At Pontresina everybody complains of the dearness of everything. The hotel-keepers endeavour to persuade the grumblers among their guests that this comes of its being a place that produces nothing but milk and a scanty allowance of fuel. This is not the cause of the high prices. London, which has to provide for a million more mouths than the whole of the Swiss Confederation, does not produce even the milk and the fuel. Much of its bread is brought from California, Oregon, and the Antipodes. Much of its meat comes from Scotland and the Continent; and so with everything it consumes. The supplies, however, of Pontresina are drawn from central Switzerland and northern Italy—no great distances. I saw in its long street hucksters’ carts, which had been dragged up from the Valtellina and the Bregaglia by the wretched animals then between the shafts. These carts were full of the most perishable kinds of fruit, which were being retailed by the men who had brought them, and who would soon be back again with another venture of the same kind: here, as everywhere else in the world, whatever is wanted is sure to come. The true reason of the high prices is one which would not sound well in the mouths of those who are naturally, and not reprehensibly, profiting by them: it is that scores of people more than the hotels can accommodate, apply for accommodation every day in the season. For every bedroom there are many applicants of this kind. The one, therefore, to whom it is assigned, is glad to have it, as each of the rejected applicants would have been, at rather a high price. It is the same with guides, horses, and carriages; the people who are anxious to secure them are out of all proportion to the supply. Every market is practically a kind of auction; and at an auction no one thinks it wrong that there should be much competition, or that there should be little. Here we have much competition, in consequence of the supply being very much in arrear of the demand. This is a matter which time will set right. President Saratz’s new hotel, to be opened next year, will do a little towards trimming the balance. It will be under the management of his son, whom he kept in London for two years to learn English, and to make him a Master of Arts in hotel-keeping. The Charing Cross Hotel was the college in which he pursued these studies.

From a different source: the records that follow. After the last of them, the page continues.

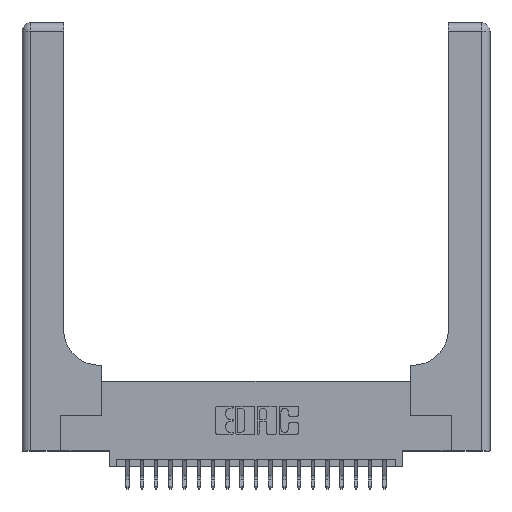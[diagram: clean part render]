
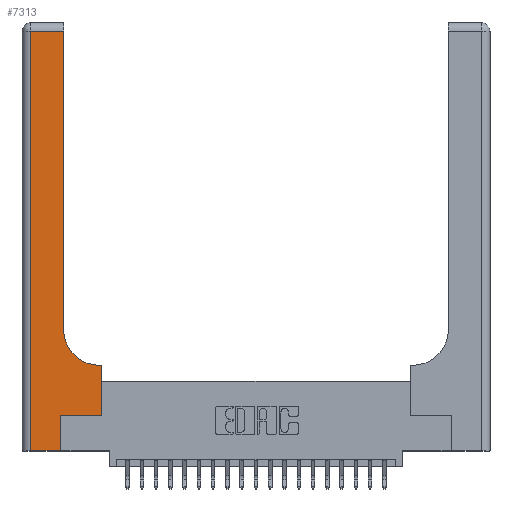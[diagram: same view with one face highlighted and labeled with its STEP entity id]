
A CAD part, top view. The second image highlights one B-rep face of the part: STEP entity #7313.
In plain terms, the highlighted planar face has unit normal (0, 0, 1).
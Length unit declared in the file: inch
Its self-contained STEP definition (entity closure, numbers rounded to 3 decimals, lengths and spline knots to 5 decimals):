
#751 = LINE ( 'NONE', #13033, #15877 ) ;
#955 = FACE_OUTER_BOUND ( 'NONE', #10303, .T. ) ;
#1006 = VERTEX_POINT ( 'NONE', #7060 ) ;
#1265 = VECTOR ( 'NONE', #17023, 39.37008 ) ;
#1598 = VERTEX_POINT ( 'NONE', #16107 ) ;
#1751 = VECTOR ( 'NONE', #3717, 39.37008 ) ;
#2086 = CARTESIAN_POINT ( 'NONE',  ( 0., 2.94, 0.37 ) ) ;
#2402 = ORIENTED_EDGE ( 'NONE', *, *, #5989, .T. ) ;
#2537 = ORIENTED_EDGE ( 'NONE', *, *, #9247, .T. ) ;
#3224 = ORIENTED_EDGE ( 'NONE', *, *, #15407, .T. ) ;
#3301 = CIRCLE ( 'NONE', #12752, 0.25 ) ;
#3717 = DIRECTION ( 'NONE',  ( 0., -1., 0. ) ) ;
#3968 = VERTEX_POINT ( 'NONE', #8495 ) ;
#4491 = ORIENTED_EDGE ( 'NONE', *, *, #13817, .T. ) ;
#4810 = DIRECTION ( 'NONE',  ( 0., 1., 0. ) ) ;
#4909 = CARTESIAN_POINT ( 'NONE',  ( 0.5585, 0.25, 0.37 ) ) ;
#5010 = ORIENTED_EDGE ( 'NONE', *, *, #15056, .T. ) ;
#5269 = DIRECTION ( 'NONE',  ( -1., 0., 0. ) ) ;
#5693 = CARTESIAN_POINT ( 'NONE',  ( 0.2915, 2.94, 0.37 ) ) ;
#5873 = LINE ( 'NONE', #19554, #17209 ) ;
#5989 = EDGE_CURVE ( 'NONE', #20203, #10943, #751, .T. ) ;
#6646 = DIRECTION ( 'NONE',  ( 0., 1., 0. ) ) ;
#7060 = CARTESIAN_POINT ( 'NONE',  ( 0.269, 0., 0.37 ) ) ;
#7103 = DIRECTION ( 'NONE',  ( 0., 0., -1. ) ) ;
#7233 = LINE ( 'NONE', #23571, #1751 ) ;
#7313 = ADVANCED_FACE ( 'NONE', ( #955 ), #16212, .F. ) ;
#7355 = EDGE_CURVE ( 'NONE', #1598, #8285, #19762, .T. ) ;
#7736 = EDGE_CURVE ( 'NONE', #9666, #1006, #12102, .T. ) ;
#8285 = VERTEX_POINT ( 'NONE', #4909 ) ;
#8451 = EDGE_CURVE ( 'NONE', #10943, #3968, #19407, .T. ) ;
#8495 = CARTESIAN_POINT ( 'NONE',  ( 0.06, 2.94, 0.37 ) ) ;
#9247 = EDGE_CURVE ( 'NONE', #16353, #11222, #19952, .T. ) ;
#9666 = VERTEX_POINT ( 'NONE', #14838 ) ;
#10303 = EDGE_LOOP ( 'NONE', ( #2402, #15044, #5010, #22327, #3224, #16847, #14156, #2537, #4491 ) ) ;
#10832 = DIRECTION ( 'NONE',  ( 1., 0., 0. ) ) ;
#10943 = VERTEX_POINT ( 'NONE', #5693 ) ;
#11222 = VERTEX_POINT ( 'NONE', #19480 ) ;
#11261 = AXIS2_PLACEMENT_3D ( 'NONE', #19938, #7103, #5269 ) ;
#11557 = CARTESIAN_POINT ( 'NONE',  ( 0.269, 0., 0.37 ) ) ;
#11778 = DIRECTION ( 'NONE',  ( -1., 0., 0. ) ) ;
#12102 = LINE ( 'NONE', #20997, #13523 ) ;
#12514 = CARTESIAN_POINT ( 'NONE',  ( 0.269, 0.25, 0.37 ) ) ;
#12752 = AXIS2_PLACEMENT_3D ( 'NONE', #23402, #14317, #21674 ) ;
#13033 = CARTESIAN_POINT ( 'NONE',  ( 0.2915, 3., 0.37 ) ) ;
#13262 = LINE ( 'NONE', #11557, #1265 ) ;
#13523 = VECTOR ( 'NONE', #15632, 39.37008 ) ;
#13817 = EDGE_CURVE ( 'NONE', #11222, #20203, #3301, .T. ) ;
#14156 = ORIENTED_EDGE ( 'NONE', *, *, #21528, .T. ) ;
#14317 = DIRECTION ( 'NONE',  ( 0., 0., -1. ) ) ;
#14838 = CARTESIAN_POINT ( 'NONE',  ( 0.06, 0., 0.37 ) ) ;
#14850 = DIRECTION ( 'NONE',  ( -1., 0., 0. ) ) ;
#14970 = VECTOR ( 'NONE', #10832, 39.37008 ) ;
#15044 = ORIENTED_EDGE ( 'NONE', *, *, #8451, .T. ) ;
#15056 = EDGE_CURVE ( 'NONE', #3968, #9666, #7233, .T. ) ;
#15189 = VECTOR ( 'NONE', #14850, 39.37008 ) ;
#15407 = EDGE_CURVE ( 'NONE', #1006, #1598, #13262, .T. ) ;
#15632 = DIRECTION ( 'NONE',  ( 1., 0., 0. ) ) ;
#15877 = VECTOR ( 'NONE', #4810, 39.37008 ) ;
#16107 = CARTESIAN_POINT ( 'NONE',  ( 0.269, 0.25, 0.37 ) ) ;
#16212 = PLANE ( 'NONE',  #11261 ) ;
#16353 = VERTEX_POINT ( 'NONE', #17278 ) ;
#16813 = VECTOR ( 'NONE', #11778, 39.37008 ) ;
#16847 = ORIENTED_EDGE ( 'NONE', *, *, #7355, .T. ) ;
#17023 = DIRECTION ( 'NONE',  ( 0., 1., 0. ) ) ;
#17209 = VECTOR ( 'NONE', #6646, 39.37008 ) ;
#17278 = CARTESIAN_POINT ( 'NONE',  ( 0.5585, 0.6, 0.37 ) ) ;
#19407 = LINE ( 'NONE', #2086, #15189 ) ;
#19480 = CARTESIAN_POINT ( 'NONE',  ( 0.5415, 0.6, 0.37 ) ) ;
#19554 = CARTESIAN_POINT ( 'NONE',  ( 0.5585, 0.25, 0.37 ) ) ;
#19762 = LINE ( 'NONE', #12514, #14970 ) ;
#19938 = CARTESIAN_POINT ( 'NONE',  ( 0., 3., 0.37 ) ) ;
#19952 = LINE ( 'NONE', #22625, #16813 ) ;
#20203 = VERTEX_POINT ( 'NONE', #20229 ) ;
#20229 = CARTESIAN_POINT ( 'NONE',  ( 0.2915, 0.85, 0.37 ) ) ;
#20997 = CARTESIAN_POINT ( 'NONE',  ( 0., 0., 0.37 ) ) ;
#21528 = EDGE_CURVE ( 'NONE', #8285, #16353, #5873, .T. ) ;
#21674 = DIRECTION ( 'NONE',  ( 1., 0., 0. ) ) ;
#22327 = ORIENTED_EDGE ( 'NONE', *, *, #7736, .T. ) ;
#22625 = CARTESIAN_POINT ( 'NONE',  ( 0.2915, 0.6, 0.37 ) ) ;
#23402 = CARTESIAN_POINT ( 'NONE',  ( 0.5415, 0.85, 0.37 ) ) ;
#23571 = CARTESIAN_POINT ( 'NONE',  ( 0.06, 3., 0.37 ) ) ;
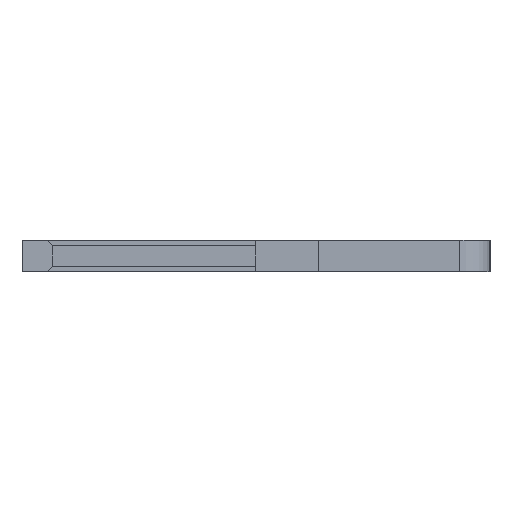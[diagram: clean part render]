
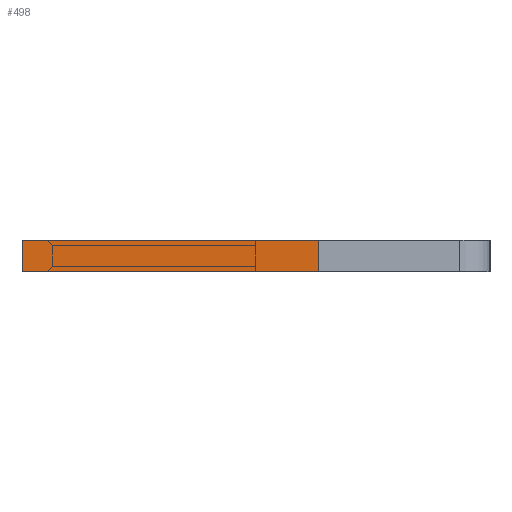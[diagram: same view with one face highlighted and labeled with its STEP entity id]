
A CAD part, left-side view. The second image highlights one B-rep face of the part: STEP entity #498.
In plain terms, the highlighted face is planar.
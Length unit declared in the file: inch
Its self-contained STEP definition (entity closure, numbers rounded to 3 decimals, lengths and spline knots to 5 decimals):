
#10 = CARTESIAN_POINT ( 'NONE',  ( -0.01, 0.15, -0.04 ) ) ;
#146 = VERTEX_POINT ( 'NONE', #3228 ) ;
#237 = LINE ( 'NONE', #10, #2662 ) ;
#495 = CARTESIAN_POINT ( 'NONE',  ( -0.01, 0.15, -0.04 ) ) ;
#498 = ADVANCED_FACE ( 'NONE', ( #1833 ), #1235, .F. ) ;
#501 = LINE ( 'NONE', #918, #3696 ) ;
#544 = DIRECTION ( 'NONE',  ( 1., 0., 0. ) ) ;
#615 = DIRECTION ( 'NONE',  ( -1., 0., 0. ) ) ;
#748 = VERTEX_POINT ( 'NONE', #495 ) ;
#838 = LINE ( 'NONE', #3411, #2868 ) ;
#908 = ORIENTED_EDGE ( 'NONE', *, *, #1067, .T. ) ;
#918 = CARTESIAN_POINT ( 'NONE',  ( 0.01, 0.15, -0.04 ) ) ;
#1067 = EDGE_CURVE ( 'NONE', #146, #4259, #838, .T. ) ;
#1235 = PLANE ( 'NONE',  #4043 ) ;
#1271 = ORIENTED_EDGE ( 'NONE', *, *, #1319, .F. ) ;
#1319 = EDGE_CURVE ( 'NONE', #2779, #748, #501, .T. ) ;
#1398 = ORIENTED_EDGE ( 'NONE', *, *, #2524, .F. ) ;
#1484 = CARTESIAN_POINT ( 'NONE',  ( 0.01, 0.15, -0.04 ) ) ;
#1784 = VECTOR ( 'NONE', #3138, 39.37008 ) ;
#1833 = FACE_OUTER_BOUND ( 'NONE', #3556, .T. ) ;
#2524 = EDGE_CURVE ( 'NONE', #146, #2779, #2718, .T. ) ;
#2661 = CARTESIAN_POINT ( 'NONE',  ( 0.01, 0.15, -0.04 ) ) ;
#2662 = VECTOR ( 'NONE', #4153, 39.37008 ) ;
#2718 = LINE ( 'NONE', #2781, #1784 ) ;
#2778 = CARTESIAN_POINT ( 'NONE',  ( -0.01, -0.04, -0.04 ) ) ;
#2779 = VERTEX_POINT ( 'NONE', #1484 ) ;
#2781 = CARTESIAN_POINT ( 'NONE',  ( 0.01, 0.15, -0.04 ) ) ;
#2868 = VECTOR ( 'NONE', #4421, 39.37008 ) ;
#3138 = DIRECTION ( 'NONE',  ( 0., 1., 0. ) ) ;
#3228 = CARTESIAN_POINT ( 'NONE',  ( 0.01, -0.04, -0.04 ) ) ;
#3411 = CARTESIAN_POINT ( 'NONE',  ( 0.01, -0.04, -0.04 ) ) ;
#3556 = EDGE_LOOP ( 'NONE', ( #3971, #1271, #1398, #908 ) ) ;
#3696 = VECTOR ( 'NONE', #615, 39.37008 ) ;
#3971 = ORIENTED_EDGE ( 'NONE', *, *, #4217, .T. ) ;
#4023 = DIRECTION ( 'NONE',  ( 0., 0., 1. ) ) ;
#4043 = AXIS2_PLACEMENT_3D ( 'NONE', #2661, #4023, #544 ) ;
#4153 = DIRECTION ( 'NONE',  ( 0., 1., 0. ) ) ;
#4217 = EDGE_CURVE ( 'NONE', #4259, #748, #237, .T. ) ;
#4259 = VERTEX_POINT ( 'NONE', #2778 ) ;
#4421 = DIRECTION ( 'NONE',  ( -1., 0., 0. ) ) ;
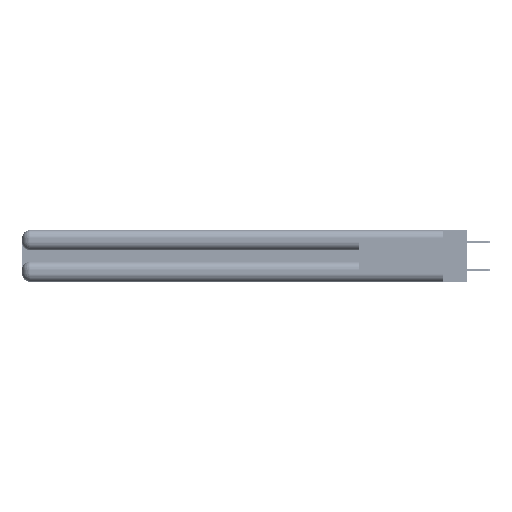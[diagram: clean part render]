
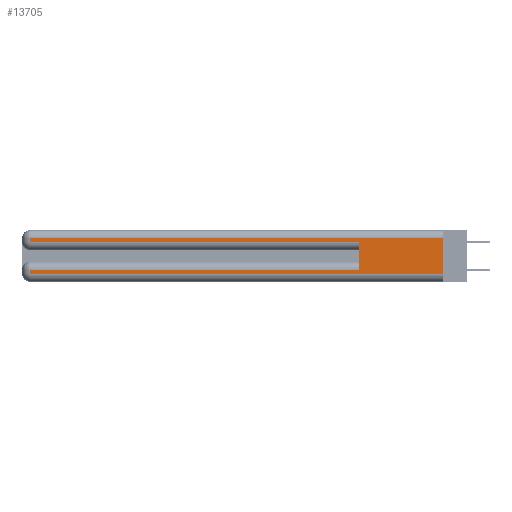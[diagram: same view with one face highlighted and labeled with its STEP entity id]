
A CAD part, left-side view. The second image highlights one B-rep face of the part: STEP entity #13705.
In plain terms, the highlighted planar face has unit normal (-1, 0, 0).
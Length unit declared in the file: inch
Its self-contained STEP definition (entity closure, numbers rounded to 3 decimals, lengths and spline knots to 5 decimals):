
#201 = EDGE_LOOP ( 'NONE', ( #2101, #15727, #20619, #27190, #42857, #32323, #27185, #17488 ) ) ;
#486 = VECTOR ( 'NONE', #3563, 39.37008 ) ;
#652 = VECTOR ( 'NONE', #4475, 39.37008 ) ;
#1308 = VECTOR ( 'NONE', #23833, 39.37008 ) ;
#1493 = DIRECTION ( 'NONE',  ( 1., 0., 0. ) ) ;
#2065 = VERTEX_POINT ( 'NONE', #34962 ) ;
#2101 = ORIENTED_EDGE ( 'NONE', *, *, #35515, .F. ) ;
#2522 = VERTEX_POINT ( 'NONE', #52312 ) ;
#2637 = LINE ( 'NONE', #32045, #1308 ) ;
#2945 = DIRECTION ( 'NONE',  ( 0., 0., 1. ) ) ;
#3563 = DIRECTION ( 'NONE',  ( 0., 0., -1. ) ) ;
#4475 = DIRECTION ( 'NONE',  ( 0., 0., -1. ) ) ;
#5225 = EDGE_CURVE ( 'NONE', #10097, #51066, #2637, .T. ) ;
#6955 = EDGE_CURVE ( 'NONE', #13848, #29008, #31231, .T. ) ;
#10097 = VERTEX_POINT ( 'NONE', #53764 ) ;
#10372 = VECTOR ( 'NONE', #34845, 39.37008 ) ;
#12068 = LINE ( 'NONE', #17791, #34217 ) ;
#12627 = DIRECTION ( 'NONE',  ( 0., -1., 0. ) ) ;
#13705 = ADVANCED_FACE ( 'NONE', ( #44232 ), #42988, .F. ) ;
#13829 = CARTESIAN_POINT ( 'NONE',  ( 0., 0., 0.37 ) ) ;
#13848 = VERTEX_POINT ( 'NONE', #19061 ) ;
#14390 = VECTOR ( 'NONE', #23202, 39.37008 ) ;
#15700 = LINE ( 'NONE', #43966, #14390 ) ;
#15727 = ORIENTED_EDGE ( 'NONE', *, *, #19457, .T. ) ;
#16941 = CARTESIAN_POINT ( 'NONE',  ( 0., 2.94, 0.37 ) ) ;
#17488 = ORIENTED_EDGE ( 'NONE', *, *, #31796, .T. ) ;
#17791 = CARTESIAN_POINT ( 'NONE',  ( 0., 0., 0.31 ) ) ;
#18707 = VECTOR ( 'NONE', #2945, 39.37008 ) ;
#19061 = CARTESIAN_POINT ( 'NONE',  ( 0., 0.6, 0.085 ) ) ;
#19457 = EDGE_CURVE ( 'NONE', #2065, #25661, #12068, .T. ) ;
#20619 = ORIENTED_EDGE ( 'NONE', *, *, #46726, .T. ) ;
#22797 = LINE ( 'NONE', #16941, #652 ) ;
#23202 = DIRECTION ( 'NONE',  ( 0., 0., -1. ) ) ;
#23719 = EDGE_CURVE ( 'NONE', #13848, #51066, #40903, .T. ) ;
#23833 = DIRECTION ( 'NONE',  ( 0., -1., 0. ) ) ;
#25661 = VERTEX_POINT ( 'NONE', #48292 ) ;
#26029 = VERTEX_POINT ( 'NONE', #30225 ) ;
#26667 = CARTESIAN_POINT ( 'NONE',  ( 0., 0., 0.085 ) ) ;
#27185 = ORIENTED_EDGE ( 'NONE', *, *, #42208, .T. ) ;
#27190 = ORIENTED_EDGE ( 'NONE', *, *, #5225, .T. ) ;
#28309 = CARTESIAN_POINT ( 'NONE',  ( 0., 2.94, 0.37 ) ) ;
#29008 = VERTEX_POINT ( 'NONE', #48073 ) ;
#30225 = CARTESIAN_POINT ( 'NONE',  ( 0., 0., 0.06 ) ) ;
#30630 = DIRECTION ( 'NONE',  ( 0., 0., -1. ) ) ;
#31231 = LINE ( 'NONE', #26667, #10372 ) ;
#31796 = EDGE_CURVE ( 'NONE', #2522, #26029, #36301, .T. ) ;
#32045 = CARTESIAN_POINT ( 'NONE',  ( 0., 0., 0.285 ) ) ;
#32323 = ORIENTED_EDGE ( 'NONE', *, *, #6955, .T. ) ;
#33737 = LINE ( 'NONE', #28309, #486 ) ;
#34217 = VECTOR ( 'NONE', #47029, 39.37008 ) ;
#34662 = CARTESIAN_POINT ( 'NONE',  ( 0., 0.6, 0.285 ) ) ;
#34845 = DIRECTION ( 'NONE',  ( 0., 1., 0. ) ) ;
#34962 = CARTESIAN_POINT ( 'NONE',  ( 0., 0., 0.31 ) ) ;
#35515 = EDGE_CURVE ( 'NONE', #2065, #26029, #15700, .T. ) ;
#36301 = LINE ( 'NONE', #45817, #48729 ) ;
#40903 = LINE ( 'NONE', #48650, #18707 ) ;
#42208 = EDGE_CURVE ( 'NONE', #29008, #2522, #33737, .T. ) ;
#42857 = ORIENTED_EDGE ( 'NONE', *, *, #23719, .F. ) ;
#42988 = PLANE ( 'NONE',  #47984 ) ;
#43966 = CARTESIAN_POINT ( 'NONE',  ( 0., 0., 0.37 ) ) ;
#44232 = FACE_OUTER_BOUND ( 'NONE', #201, .T. ) ;
#45817 = CARTESIAN_POINT ( 'NONE',  ( 0., 0., 0.06 ) ) ;
#46726 = EDGE_CURVE ( 'NONE', #25661, #10097, #22797, .T. ) ;
#47029 = DIRECTION ( 'NONE',  ( 0., 1., 0. ) ) ;
#47984 = AXIS2_PLACEMENT_3D ( 'NONE', #13829, #1493, #30630 ) ;
#48073 = CARTESIAN_POINT ( 'NONE',  ( 0., 2.94, 0.085 ) ) ;
#48292 = CARTESIAN_POINT ( 'NONE',  ( 0., 2.94, 0.31 ) ) ;
#48650 = CARTESIAN_POINT ( 'NONE',  ( 0., 0.6, 0.145 ) ) ;
#48729 = VECTOR ( 'NONE', #12627, 39.37008 ) ;
#51066 = VERTEX_POINT ( 'NONE', #34662 ) ;
#52312 = CARTESIAN_POINT ( 'NONE',  ( 0., 2.94, 0.06 ) ) ;
#53764 = CARTESIAN_POINT ( 'NONE',  ( 0., 2.94, 0.285 ) ) ;

I have already mentioned that I saw this year more birds in the Grisons than I had ever seen before elsewhere in Switzerland. To those who take an interest in ornithology, the President will readily show a collection of the birds of the canton, made by himself. He has well set-up specimens of a great many species. As might be expected from the altitude of the valleys our English species do not figure largely among them. He has besides, in a room in the basement of his house, two living specimens of the noble rock eagle—the Stein Orteler. These, I believe, he intends to add to his collection as soon as they shall have attained their full adult plumage. In his younger days he was a successful chamois-hunter, and he has preserved the heads of more than thirty of these antelopes as trophies of his prowess.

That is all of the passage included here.